No caso da legislação eleitoral, sim, mas e no caso da programação em geral? Por exemplo, o artigo 221 da Constituição não está regulamentado. Você não considera que as emissoras de rádio e TV têm, em alguma medida, uma responsabilidade a cumprir com a cidadania no sentido da regionalização da produção, em abrir espaço para as manifestações culturais, enfim, aquilo que está previsto na Constituição e que não está sendo aplicado?

T.G. – O que eu sinto como perigo é que daí se extrapole para outro tipo de controle, um controle que Deus sabe lá como vai ser exercido.
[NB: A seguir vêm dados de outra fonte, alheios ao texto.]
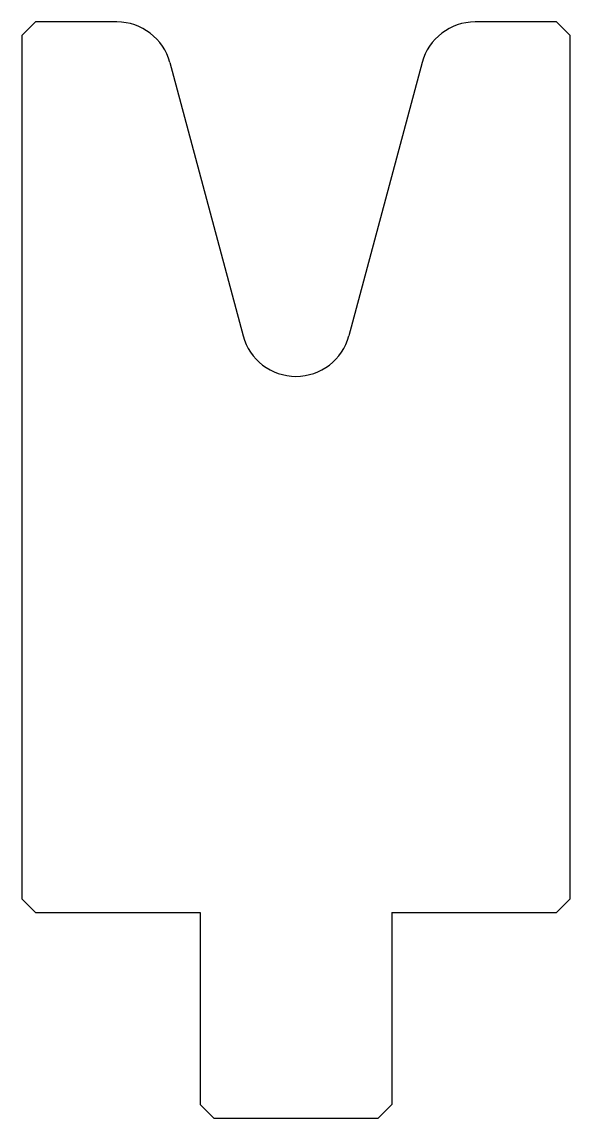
# Model space of a CAD drawing. Header units: millimetres. Extents: x 1414.8 to 1454.8, y 967.8 to 1047.8.
import ezdxf

# ---------------------------------------------------------------- set-up
doc = ezdxf.new("R2010")
doc.units = ezdxf.units.MM
doc.layers.add('Default', color=7, linetype='Continuous')

msp = doc.modelspace()

# ---------------------------------------------------------------- linework, layer by layer
at = {"layer": 'Default'}
for p, q in [((1414.843, 1046.768), (1415.843, 1047.768)), ((1421.774, 1047.768), (1415.843, 1047.768)), ((1453.843, 1047.768), (1447.913, 1047.768)), ((1453.843, 1047.768), (1454.843, 1046.768)), ((1414.843, 1046.768), (1414.843, 983.768)), ((1454.843, 983.768), (1454.843, 1046.768)), ((1425.638, 1044.803), (1430.98, 1024.867)), ((1444.049, 1044.803), (1438.707, 1024.867)), ((1414.843, 983.768), (1415.843, 982.768)), ((1453.843, 982.768), (1454.843, 983.768)), ((1415.843, 982.768), (1427.843, 982.768)), ((1427.843, 982.768), (1427.843, 968.768)), ((1441.843, 982.768), (1441.843, 968.768)), ((1441.843, 982.768), (1453.843, 982.768)), ((1427.843, 968.768), (1428.843, 967.768)), ((1440.843, 967.768), (1441.843, 968.768)), ((1428.843, 967.768), (1440.843, 967.768))]:
    msp.add_line(p, q, dxfattribs=at)
for centre, start, end in [((1421.774, 1043.768), 15, 90), ((1447.913, 1043.768), 90, 165), ((1434.843, 1025.902), 195, 345)]:
    msp.add_arc(centre, 4, start, end, dxfattribs=at)

doc.saveas('drawing.dxf')

Eu acho que não deve haver controle algum, por ora, mas eu também não tenho uma opinião absolutamente formada sobre isso.

A ideia é que se evite situações como as de monopólio, de propriedade cruzada dos meios de comunicação, embora essas situações já existam no país em razão da própria formação histórica da nossa indústria de mídia. Como você avalia isso? É uma discussão pertinente?

T.G. – Sem dúvida, a discussão sobre o assunto é bem importante. Mas o exemplo que nós tivemos na Argentina eu acho que é péssimo. Não me parece que se tenha respeitado o que foi discutido, e no que se teve de decisão eu acho que foi muito ruim – com controle, inclusive, do papel-jornal. Eu vejo isso com muita cautela.

No caso da Argentina houve uma discussão muito ampla em todos os setores da sociedade antes que a lei fosse também discutida e votada no Congresso. Esse procedimento foi viciado, na sua opinião?

T.G. – Não acho que o procedimento de discussão tenha sido viciado, só acho que as atitudes tomadas posteriormente não espelham exatamente a discussão [havida].

Como você, operadora do Direito, interessou-se por trabalhar na área da mídia, justamente nesse campo tão complicado?

T.G. – É muito melhor trabalhar naquilo em que se acredita, principalmente para os advogados. E eu busquei isso: o meu primeiro estágio foi com o Manoel Alceu Affonso Ferreira, que era [e é] advogado do Estado de S.Paulo. Depois eu vim a ser, e sou, há mais de 22 anos, advogada da Folha de S.Paulo e também de outros clientes nessa área. Acho que foi uma questão de aptidão, de curiosidade e, sobretudo, de uma causa que me interessa. Vale a pena viver e trabalhar para isso.